Page MenuHomePhabricator

Revise Tone: Exclude direct quotes from Tone Recommendations
Open, Needs TriagePublic

Description

Description

Tone Recommendations should not surface issues within direct quotes. Revising the tone of quoted material can change meaning, introduce inaccuracies, or conflict with Wikipedia policies that require quotes to reflect source material precisely. The current extraction pipeline may flag problematic language inside quotes, which results in inappropriate or unhelpful suggestions for editors.
This task requests an update to the model and preprocessing steps so that quoted content is excluded from Tone Suggestion candidates.

Requirements

Exclude text that appears within common quote structures on Wikipedia.
At minimum, handle widely used formats such as:

  • <blockquote> and nested variants
  • Indented block quotes produced by wiki markup
  • Quotation marks that consistently signal direct quotations in target languages

A perfect solution is not required. The goal is to remove the most common false positives without overengineering.

Ensure that filtering occurs early enough in the pipeline so the model does not evaluate quoted text as potential tone issues.

Acceptance Criteria

• Tone Suggestions are not generated for text inside identified quote structures.
• The exclusion process works across a representative set of languages that use Tone Suggestions.
• Automated tests or evaluation samples confirm a meaningful reduction in false positives within quotes.

Notes

Examples of suggestions with quotations from: Revise Tone: Articles to feed the model
The Growth team can provide more example articles/suggestions if needed.
The solution should focus on practical heuristics rather than complete quote detection across all languages.

Event Timeline

KStoller-WMF renamed this task from Revise Tone: Exclude direct quotes from Tone Suggestions to Revise Tone: Exclude direct quotes from Tone Recommendations.Dec 5 2025, 7:17 PM
KStoller-WMF updated the task description. (Show Details)

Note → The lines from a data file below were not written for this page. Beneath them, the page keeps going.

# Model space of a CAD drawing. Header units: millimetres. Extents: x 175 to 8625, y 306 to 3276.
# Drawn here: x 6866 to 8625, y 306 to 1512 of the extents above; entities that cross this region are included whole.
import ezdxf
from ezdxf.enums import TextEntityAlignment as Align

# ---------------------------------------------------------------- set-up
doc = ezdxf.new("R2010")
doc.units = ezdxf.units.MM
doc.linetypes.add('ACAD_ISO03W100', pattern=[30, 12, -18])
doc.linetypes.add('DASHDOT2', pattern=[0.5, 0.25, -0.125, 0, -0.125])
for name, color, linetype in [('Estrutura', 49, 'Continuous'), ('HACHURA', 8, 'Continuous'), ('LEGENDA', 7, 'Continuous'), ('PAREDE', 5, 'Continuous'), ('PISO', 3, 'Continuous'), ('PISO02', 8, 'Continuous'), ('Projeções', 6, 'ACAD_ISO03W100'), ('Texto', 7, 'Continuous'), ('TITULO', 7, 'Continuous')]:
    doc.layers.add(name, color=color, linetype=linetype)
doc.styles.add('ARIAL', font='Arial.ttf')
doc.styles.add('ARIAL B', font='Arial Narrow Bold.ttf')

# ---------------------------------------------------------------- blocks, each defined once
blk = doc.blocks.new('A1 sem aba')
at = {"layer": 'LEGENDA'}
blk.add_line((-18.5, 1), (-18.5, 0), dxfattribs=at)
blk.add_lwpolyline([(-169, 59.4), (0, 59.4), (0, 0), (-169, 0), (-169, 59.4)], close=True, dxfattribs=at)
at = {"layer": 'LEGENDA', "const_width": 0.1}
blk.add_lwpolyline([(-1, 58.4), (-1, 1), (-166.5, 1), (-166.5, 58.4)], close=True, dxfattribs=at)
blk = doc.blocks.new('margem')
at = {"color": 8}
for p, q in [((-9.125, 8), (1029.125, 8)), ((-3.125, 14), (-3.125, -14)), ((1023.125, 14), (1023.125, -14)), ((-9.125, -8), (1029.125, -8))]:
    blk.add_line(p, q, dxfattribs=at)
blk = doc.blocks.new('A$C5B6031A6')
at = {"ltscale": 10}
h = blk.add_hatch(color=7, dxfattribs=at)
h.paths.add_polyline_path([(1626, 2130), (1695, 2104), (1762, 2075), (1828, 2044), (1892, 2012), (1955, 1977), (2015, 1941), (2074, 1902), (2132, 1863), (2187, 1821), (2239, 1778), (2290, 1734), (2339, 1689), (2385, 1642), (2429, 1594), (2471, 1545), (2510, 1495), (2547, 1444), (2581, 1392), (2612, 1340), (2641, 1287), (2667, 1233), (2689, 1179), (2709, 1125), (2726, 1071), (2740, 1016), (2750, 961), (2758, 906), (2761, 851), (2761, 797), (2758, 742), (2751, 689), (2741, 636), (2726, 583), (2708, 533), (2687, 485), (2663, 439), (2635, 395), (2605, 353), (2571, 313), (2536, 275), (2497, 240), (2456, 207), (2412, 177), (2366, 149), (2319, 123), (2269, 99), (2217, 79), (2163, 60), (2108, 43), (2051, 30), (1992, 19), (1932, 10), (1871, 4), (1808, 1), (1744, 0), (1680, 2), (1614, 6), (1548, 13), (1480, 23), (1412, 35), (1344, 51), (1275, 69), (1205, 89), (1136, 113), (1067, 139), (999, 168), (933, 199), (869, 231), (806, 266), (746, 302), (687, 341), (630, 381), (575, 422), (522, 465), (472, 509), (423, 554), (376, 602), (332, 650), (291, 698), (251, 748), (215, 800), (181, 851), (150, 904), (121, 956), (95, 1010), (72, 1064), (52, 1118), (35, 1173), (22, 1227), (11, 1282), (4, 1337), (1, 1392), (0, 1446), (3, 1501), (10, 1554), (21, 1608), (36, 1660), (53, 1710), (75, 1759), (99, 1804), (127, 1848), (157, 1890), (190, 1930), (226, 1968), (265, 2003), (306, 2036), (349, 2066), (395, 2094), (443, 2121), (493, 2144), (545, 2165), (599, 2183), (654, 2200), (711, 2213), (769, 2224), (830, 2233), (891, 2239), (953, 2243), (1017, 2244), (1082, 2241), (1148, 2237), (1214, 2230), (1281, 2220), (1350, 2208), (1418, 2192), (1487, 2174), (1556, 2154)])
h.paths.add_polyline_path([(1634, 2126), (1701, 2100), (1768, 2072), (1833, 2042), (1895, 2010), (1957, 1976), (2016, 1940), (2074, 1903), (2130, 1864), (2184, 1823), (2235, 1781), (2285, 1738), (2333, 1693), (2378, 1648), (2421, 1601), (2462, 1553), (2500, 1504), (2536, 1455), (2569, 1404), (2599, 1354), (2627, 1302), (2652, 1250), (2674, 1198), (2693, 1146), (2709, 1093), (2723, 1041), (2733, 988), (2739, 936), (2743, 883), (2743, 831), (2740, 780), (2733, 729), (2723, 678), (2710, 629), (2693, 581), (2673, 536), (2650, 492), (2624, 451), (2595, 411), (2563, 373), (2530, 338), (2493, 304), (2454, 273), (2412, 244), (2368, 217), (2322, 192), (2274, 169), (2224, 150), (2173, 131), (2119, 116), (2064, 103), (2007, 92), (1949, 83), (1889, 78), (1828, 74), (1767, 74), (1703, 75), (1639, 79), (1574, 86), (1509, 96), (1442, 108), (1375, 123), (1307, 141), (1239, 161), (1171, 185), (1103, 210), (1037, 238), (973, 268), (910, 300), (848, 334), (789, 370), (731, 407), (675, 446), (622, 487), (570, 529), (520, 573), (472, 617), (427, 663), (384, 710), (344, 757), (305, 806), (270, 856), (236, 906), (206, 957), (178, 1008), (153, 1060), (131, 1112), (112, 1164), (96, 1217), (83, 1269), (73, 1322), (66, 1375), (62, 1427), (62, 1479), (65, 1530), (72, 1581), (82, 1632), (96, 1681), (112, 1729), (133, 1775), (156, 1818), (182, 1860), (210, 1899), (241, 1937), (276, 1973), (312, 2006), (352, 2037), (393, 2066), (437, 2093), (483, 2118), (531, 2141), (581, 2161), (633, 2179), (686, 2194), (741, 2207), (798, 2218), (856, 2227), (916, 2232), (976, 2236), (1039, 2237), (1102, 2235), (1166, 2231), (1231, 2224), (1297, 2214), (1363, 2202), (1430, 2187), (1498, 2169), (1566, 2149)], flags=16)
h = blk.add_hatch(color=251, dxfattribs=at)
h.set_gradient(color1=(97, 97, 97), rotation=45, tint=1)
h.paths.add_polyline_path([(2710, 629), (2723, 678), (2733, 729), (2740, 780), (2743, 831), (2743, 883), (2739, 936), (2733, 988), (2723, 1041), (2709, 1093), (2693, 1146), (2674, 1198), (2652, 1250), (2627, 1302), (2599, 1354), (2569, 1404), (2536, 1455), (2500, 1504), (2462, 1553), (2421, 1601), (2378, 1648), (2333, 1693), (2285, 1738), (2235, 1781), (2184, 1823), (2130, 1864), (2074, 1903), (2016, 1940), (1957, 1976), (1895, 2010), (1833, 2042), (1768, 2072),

I parsed all the examples labeled "Tone issue in direct quote" from the spreadsheet Revise Tone: Articles to feed the model using a HTML parser. Overall, the results look very good.

We can exclude text within:

  • <blockquote>
    • used in article: Richard_Himber, Non-simultaneity, Jerry_Vlasak, Francesco_Fontanesi, Blood_Bank_(EP), Leon_Kroll, History_of_the_Industrial_Workers_of_the_World
  • Template:Quote_box
    • used in article: John_Milne_(judge)
  • Template:Cquote
    • used in article: André_Marty
  • Indented direct quotes
    • used in article: South_Morang

There are some cases in the spreadsheet that we cannot handle. Most of these involve additional issues, such as: a failed attempt to use quotation templates (Hector_Daniel), cases where the choice to include a quote is itself a tone issue (WikiStage), or entire sections that are direct translations (Peace_of_Constance).